The microanalysis of light elements using transmitted energy loss electrons.

The use of transmitted energy loss electrons is shown to hold considerable promise for the elemental analysis of light elements. In this technique, those electrons which have lost energy in exciting characteristic inner shell atomic levels are detected rather than X-rays resulting from the decay of the excited levels. The advantages of this technique are (1) a large fraction (0.1-1) of the information-carrying energy loss electrons can be detected, and (2) for each excited level, one energy loss electron is produced independent of the fluorescent yield. Thus the technique potentially offers higher sensitivity than X-ray analysis. We have begun a program to evaluate this technique both theoretically and experimentally for electron probe devices. First, we have developed the necessary theoretical framework to make predictions concerning relevant quantities of elemental analysis such as the minimum detectable mass (MDM) and mimimum detectable mass fraction (MMF).

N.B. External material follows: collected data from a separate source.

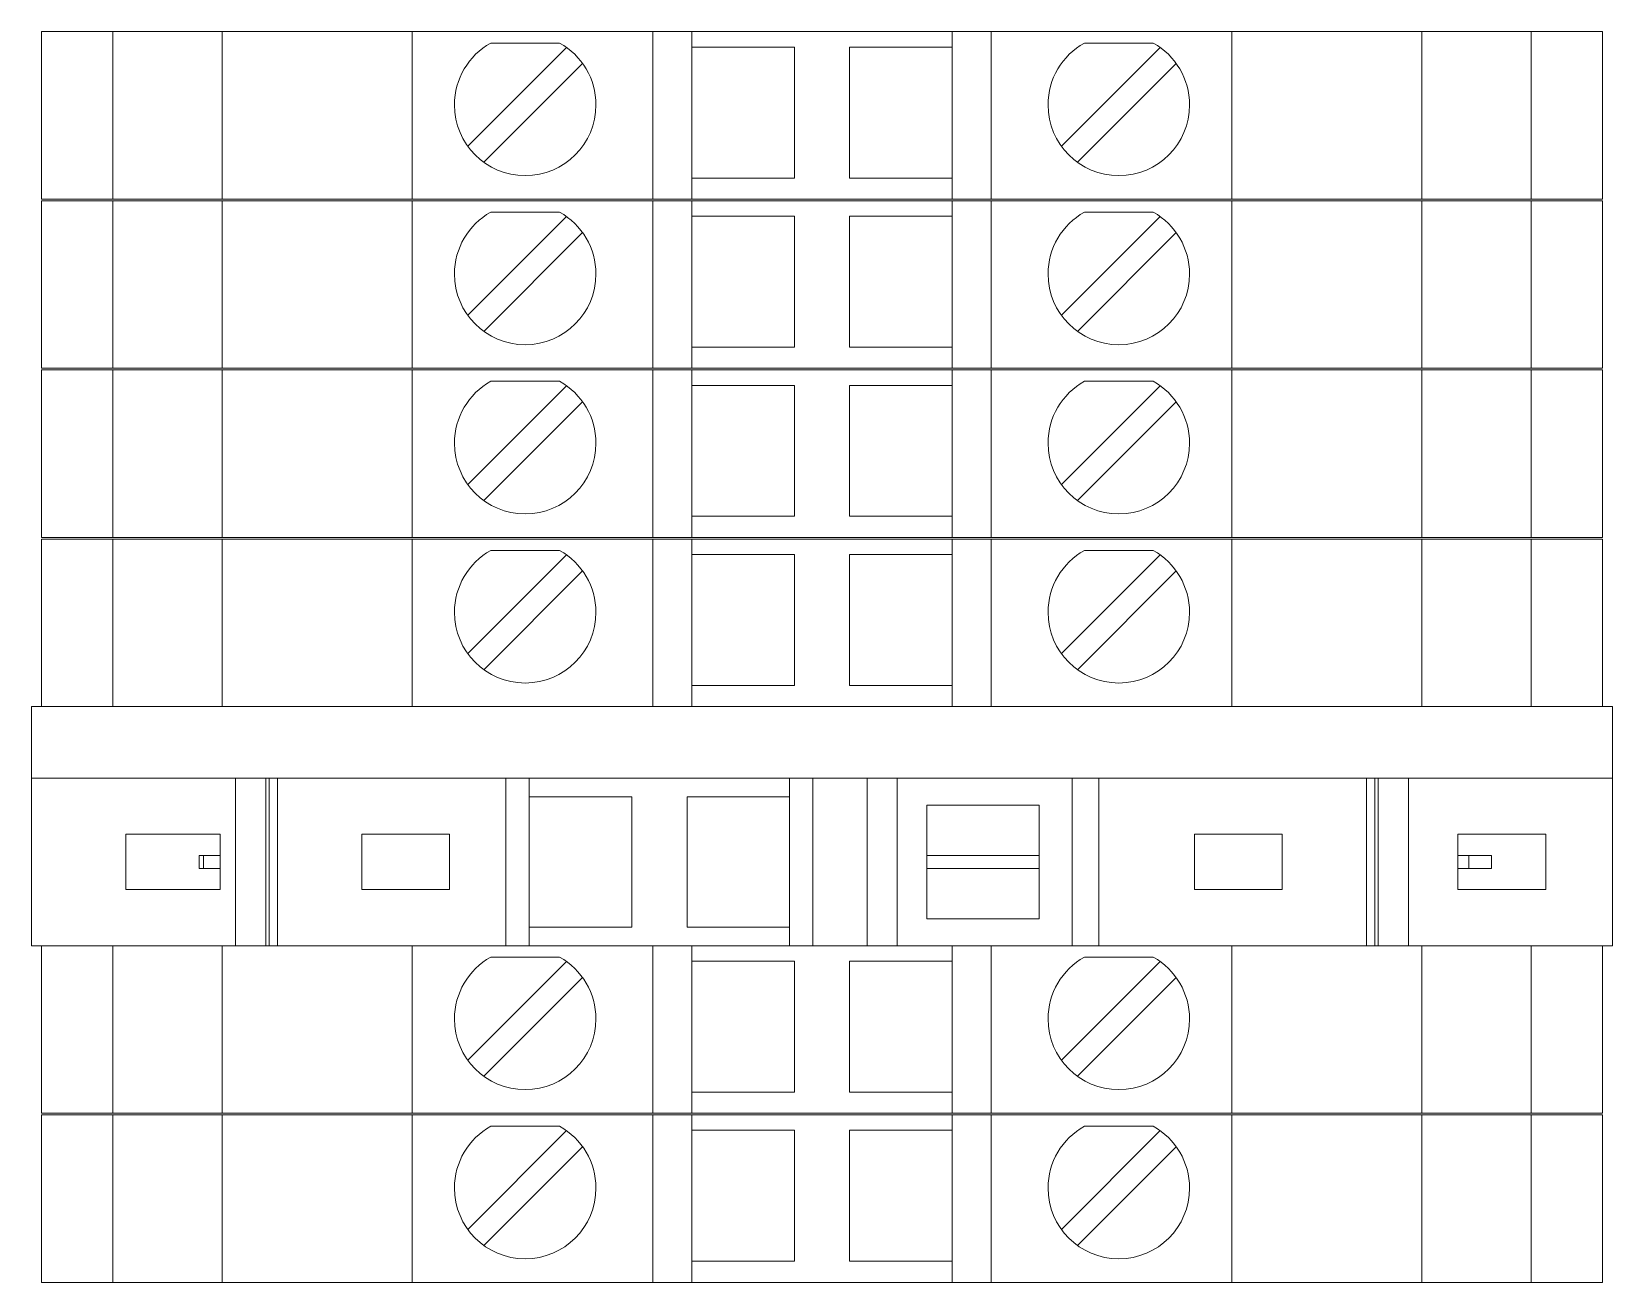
# Model space of a CAD drawing. Header units: millimetres. Extents: x 4962 to 7449, y 754 to 2938.
# Drawn here: x 5322.49 to 5371.09, y 1217.89 to 1256.34 of the extents above; entities that cross this region are included whole.
import ezdxf

# ---------------------------------------------------------------- set-up
doc = ezdxf.new("R2010")
doc.units = ezdxf.units.MM
doc.layers.add('000-PI-Oprema', color=30, linetype='Continuous', lineweight=5)
doc.layers.add('000-PI-ORMAR', color=2, linetype='Continuous')

msp = doc.modelspace()

# ---------------------------------------------------------------- linework, layer by layer
at = {"color": 0, "linetype": 'ByBlock', "lineweight": 0, "ltscale": 0.25}
msp.add_lwpolyline([(5322.492, 1235.593), (5322.492, 1228.243), (5371.092, 1228.243), (5371.092, 1235.593), (5322.492, 1235.593)], dxfattribs=at)
at = {"layer": '000-PI-Oprema', "color": 0, "linetype": 'ByBlock', "lineweight": 0}
for p, q in [((5322.492, 1235.593), (5322.492, 1228.243)), ((5371.092, 1235.593), (5322.492, 1235.593)), ((5371.092, 1228.243), (5371.092, 1235.593)), ((5328.757, 1233.393), (5322.492, 1233.393)), ((5328.757, 1228.243), (5328.757, 1233.393)), ((5329.694, 1233.393), (5328.757, 1233.393)), ((5329.694, 1228.243), (5329.694, 1233.393)), ((5329.794, 1233.393), (5329.694, 1233.393)), ((5329.794, 1233.393), (5329.794, 1228.243)), ((5330.052, 1233.393), (5329.794, 1233.393)), ((5330.052, 1233.393), (5330.052, 1228.243)), ((5337.074, 1233.393), (5330.052, 1233.393)), ((5337.074, 1233.393), (5337.792, 1233.393)), ((5337.074, 1228.243), (5337.074, 1233.393)), ((5337.792, 1232.818), (5337.792, 1233.393)), ((5337.792, 1233.393), (5345.792, 1233.393)), ((5345.792, 1233.393), (5345.792, 1232.818)), ((5345.792, 1233.393), (5346.511, 1233.393)), ((5346.511, 1233.393), (5348.182, 1233.393)), ((5346.511, 1228.243), (5346.511, 1233.393)), ((5349.107, 1233.393), (5348.182, 1233.393)), ((5348.182, 1233.393), (5348.182, 1228.243)), ((5354.481, 1233.393), (5349.107, 1233.393)), ((5349.107, 1233.393), (5349.107, 1228.243)), ((5354.481, 1233.393), (5354.481, 1228.243)), ((5355.302, 1233.393), (5354.481, 1233.393)), ((5355.302, 1228.243), (5355.302, 1233.393)), ((5355.302, 1233.393), (5363.532, 1233.393)), ((5363.532, 1233.393), (5363.532, 1228.243)), ((5363.532, 1233.393), (5363.79, 1233.393)), ((5363.79, 1228.243), (5363.79, 1233.393)), ((5363.79, 1233.393), (5363.89, 1233.393)), ((5364.827, 1233.393), (5363.89, 1233.393)), ((5363.89, 1228.243), (5363.89, 1233.393)), ((5364.827, 1233.393), (5371.092, 1233.393)), ((5364.827, 1228.243), (5364.827, 1233.393)), ((5337.792, 1228.818), (5337.792, 1232.818)), ((5337.792, 1232.818), (5340.942, 1232.818)), ((5340.942, 1232.818), (5340.942, 1228.818)), ((5342.642, 1232.818), (5345.792, 1232.818)), ((5342.642, 1228.818), (5342.642, 1232.818)), ((5345.792, 1232.818), (5345.792, 1228.818)), ((5350.017, 1232.568), (5353.467, 1232.568)), ((5350.017, 1231.018), (5350.017, 1232.568)), ((5353.467, 1232.568), (5353.467, 1231.018)), ((5325.392, 1229.968), (5325.392, 1231.668)), ((5325.392, 1231.668), (5328.292, 1231.668)), ((5328.292, 1231.668), (5328.292, 1231.018)), ((5332.642, 1231.668), (5335.342, 1231.668)), ((5332.642, 1229.968), (5332.642, 1231.668)), ((5335.342, 1231.668), (5335.342, 1229.968)), ((5358.242, 1231.668), (5360.942, 1231.668)), ((5358.242, 1229.968), (5358.242, 1231.668)), ((5360.942, 1231.668), (5360.942, 1229.968)), ((5366.342, 1231.018), (5366.342, 1231.668)), ((5366.342, 1231.668), (5369.042, 1231.668)), ((5369.042, 1231.668), (5369.042, 1229.968)), ((5327.777, 1231.018), (5327.647, 1231.018)), ((5327.647, 1230.618), (5327.647, 1231.018)), ((5327.777, 1230.618), (5327.647, 1230.618)), ((5327.777, 1231.018), (5327.777, 1230.618)), ((5327.777, 1231.018), (5328.292, 1231.018)), ((5327.777, 1230.618), (5328.292, 1230.618)), ((5328.292, 1231.018), (5328.292, 1230.618)), ((5328.292, 1230.618), (5328.292, 1229.968)), ((5350.017, 1231.018), (5353.467, 1231.018)), ((5350.017, 1230.618), (5350.017, 1231.018)), ((5350.017, 1230.618), (5353.467, 1230.618)), ((5350.017, 1229.068), (5350.017, 1230.618)), ((5353.467, 1231.018), (5353.467, 1230.618)), ((5353.467, 1230.618), (5353.467, 1229.068)), ((5366.342, 1230.618), (5366.342, 1231.018)), ((5366.342, 1231.018), (5366.677, 1231.018)), ((5366.342, 1230.618), (5366.677, 1230.618)), ((5366.342, 1229.968), (5366.342, 1230.618)), ((5366.677, 1231.018), (5366.677, 1230.618)), ((5367.377, 1231.018), (5366.677, 1231.018)), ((5367.377, 1230.618), (5366.677, 1230.618)), ((5367.377, 1231.018), (5367.377, 1230.618)), ((5328.292, 1229.968), (5325.392, 1229.968)), ((5335.342, 1229.968), (5332.642, 1229.968)), ((5360.942, 1229.968), (5358.242, 1229.968)), ((5369.042, 1229.968), (5366.342, 1229.968)), ((5340.942, 1228.818), (5337.792, 1228.818)), ((5337.792, 1228.243), (5337.792, 1228.818)), ((5345.792, 1228.818), (5342.642, 1228.818)), ((5345.792, 1228.818), (5345.792, 1228.243)), ((5353.467, 1229.068), (5350.017, 1229.068)), ((5329.694, 1228.243), (5328.757, 1228.243)), ((5329.794, 1228.243), (5329.694, 1228.243)), ((5330.052, 1228.243), (5329.794, 1228.243)), ((5337.074, 1228.243), (5337.792, 1228.243))]:
    msp.add_line(p, q, dxfattribs=at)
at = {"layer": '000-PI-Oprema', "color": 0, "linetype": 'ByBlock', "lineweight": 0, "ltscale": 0.25}
msp.add_line((5371.092, 1228.243), (5322.492, 1228.243), dxfattribs=at)
at = {"layer": '000-PI-ORMAR', "color": 0, "linetype": 'ByBlock', "lineweight": 0}
for p, q in [((5322.792, 1256.343), (5322.792, 1256.343)), ((5324.992, 1256.343), (5322.792, 1256.343)), ((5322.792, 1256.343), (5322.792, 1251.193)), ((5324.992, 1256.343), (5324.992, 1256.343)), ((5324.992, 1256.343), (5326.584, 1256.343)), ((5324.992, 1256.343), (5324.992, 1251.193)), ((5326.584, 1256.343), (5328.726, 1256.343)), ((5327.042, 1256.343), (5327.042, 1256.343)), ((5328.353, 1256.343), (5328.353, 1251.193)), ((5329.11, 1256.343), (5328.726, 1256.343)), ((5331.618, 1256.343), (5329.11, 1256.343)), ((5329.292, 1256.343), (5329.292, 1256.343)), ((5330.792, 1256.343), (5330.792, 1256.343)), ((5331.618, 1256.343), (5334.192, 1256.343)), ((5331.942, 1256.343), (5331.942, 1256.343)), ((5334.192, 1256.343), (5341.592, 1256.343)), ((5334.192, 1256.343), (5334.192, 1251.193)), ((5336.992, 1256.343), (5336.992, 1256.343)), ((5341.592, 1256.343), (5342.792, 1256.343)), ((5341.592, 1256.343), (5341.592, 1251.193)), ((5342.792, 1256.343), (5342.792, 1256.343)), ((5342.792, 1256.343), (5350.792, 1256.343)), ((5342.792, 1256.343), (5342.792, 1251.193)), ((5350.792, 1256.343), (5350.792, 1256.343)), ((5350.792, 1256.343), (5351.992, 1256.343)), ((5350.792, 1256.343), (5350.792, 1251.193)), ((5351.992, 1256.343), (5359.392, 1256.343)), ((5351.992, 1256.343), (5351.992, 1251.193)), ((5359.392, 1256.343), (5361.966, 1256.343)), ((5359.392, 1256.343), (5359.392, 1251.193)), ((5364.474, 1256.343), (5361.966, 1256.343)), ((5362.792, 1256.343), (5362.792, 1256.343)), ((5363.092, 1256.343), (5363.092, 1256.343)), ((5363.992, 1256.343), (5363.992, 1256.343)), ((5364.858, 1256.343), (5364.474, 1256.343)), ((5364.858, 1256.343), (5367, 1256.343)), ((5365.231, 1256.343), (5365.231, 1251.193)), ((5366.542, 1256.343), (5366.542, 1256.343)), ((5367, 1256.343), (5368.592, 1256.343)), ((5368.592, 1256.343), (5368.592, 1256.343)), ((5368.592, 1256.343), (5369.792, 1256.343)), ((5368.592, 1256.343), (5368.592, 1251.193)), ((5369.292, 1256.343), (5369.292, 1256.343)), ((5369.792, 1256.343), (5369.792, 1256.343)), ((5369.792, 1256.343), (5370.109, 1256.343)), ((5370.792, 1256.343), (5370.109, 1256.343)), ((5370.792, 1256.343), (5370.792, 1256.343)), ((5370.792, 1256.343), (5370.792, 1251.193)), ((5338.937, 1255.859), (5335.902, 1252.823)), ((5336.608, 1255.993), (5336.608, 1255.993)), ((5338.726, 1255.993), (5336.608, 1255.993)), ((5338.726, 1255.993), (5338.726, 1255.993)), ((5338.937, 1255.859), (5338.937, 1255.859)), ((5342.792, 1255.868), (5345.942, 1255.868)), ((5342.792, 1255.868), (5342.792, 1255.868)), ((5345.942, 1255.868), (5345.942, 1251.843)), ((5345.942, 1255.868), (5345.942, 1255.868)), ((5347.642, 1251.843), (5347.642, 1255.868)), ((5347.642, 1255.868), (5350.792, 1255.868)), ((5347.642, 1255.868), (5347.642, 1255.868)), ((5350.792, 1255.868), (5350.792, 1255.868)), ((5357.187, 1255.859), (5354.152, 1252.823)), ((5354.858, 1255.993), (5354.858, 1255.993)), ((5356.976, 1255.993), (5354.858, 1255.993)), ((5356.976, 1255.993), (5356.976, 1255.993)), ((5357.187, 1255.859), (5357.187, 1255.859)), ((5336.397, 1252.328), (5339.432, 1255.364)), ((5339.432, 1255.364), (5339.432, 1255.364)), ((5341.592, 1255.393), (5341.592, 1252.793)), ((5341.592, 1255.393), (5341.592, 1255.393)), ((5351.992, 1255.393), (5351.992, 1252.793)), ((5351.992, 1255.393), (5351.992, 1255.393)), ((5354.647, 1252.328), (5357.682, 1255.364)), ((5357.682, 1255.364), (5357.682, 1255.364)), ((5335.902, 1252.823), (5335.902, 1252.823)), ((5341.592, 1252.793), (5341.592, 1252.793)), ((5351.992, 1252.793), (5351.992, 1252.793)), ((5354.152, 1252.823), (5354.152, 1252.823)), ((5336.397, 1252.328), (5336.397, 1252.328)), ((5354.647, 1252.328), (5354.647, 1252.328)), ((5345.942, 1251.843), (5342.792, 1251.843)), ((5342.792, 1251.843), (5342.792, 1251.843)), ((5345.942, 1251.843), (5345.942, 1251.843)), ((5350.792, 1251.843), (5347.642, 1251.843)), ((5347.642, 1251.843), (5347.642, 1251.843)), ((5350.792, 1251.843), (5350.792, 1251.843)), ((5324.992, 1251.193), (5322.792, 1251.193)), ((5322.792, 1251.193), (5322.792, 1251.193)), ((5322.792, 1251.143), (5322.792, 1251.143)), ((5324.992, 1251.143), (5322.792, 1251.143)), ((5322.792, 1251.143), (5322.792, 1245.993)), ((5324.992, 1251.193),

The results of these calculations for thin specimens indicate a potential reduction in the MDM by up to three orders of magnitude and in the MMF by up to 500 through the use of transmitted energy loss electrons rather than X-rays; the advantages over X-ray detection being greater for lower atomic number. Second, we have begun experimental measurements to verify our predictions. These experiments were performed in a field emission scanning microscope with known limitations in collection efficiency, but the results indicate the validity of the basic assumptions and also aid in the design of an instrument which can fully exploit this technique. The experimental results obtained indicate the ease of detection of characteristic K-shell energy levels in elements as light as lithium and indicate the mass detectability of less than 10(-18)g.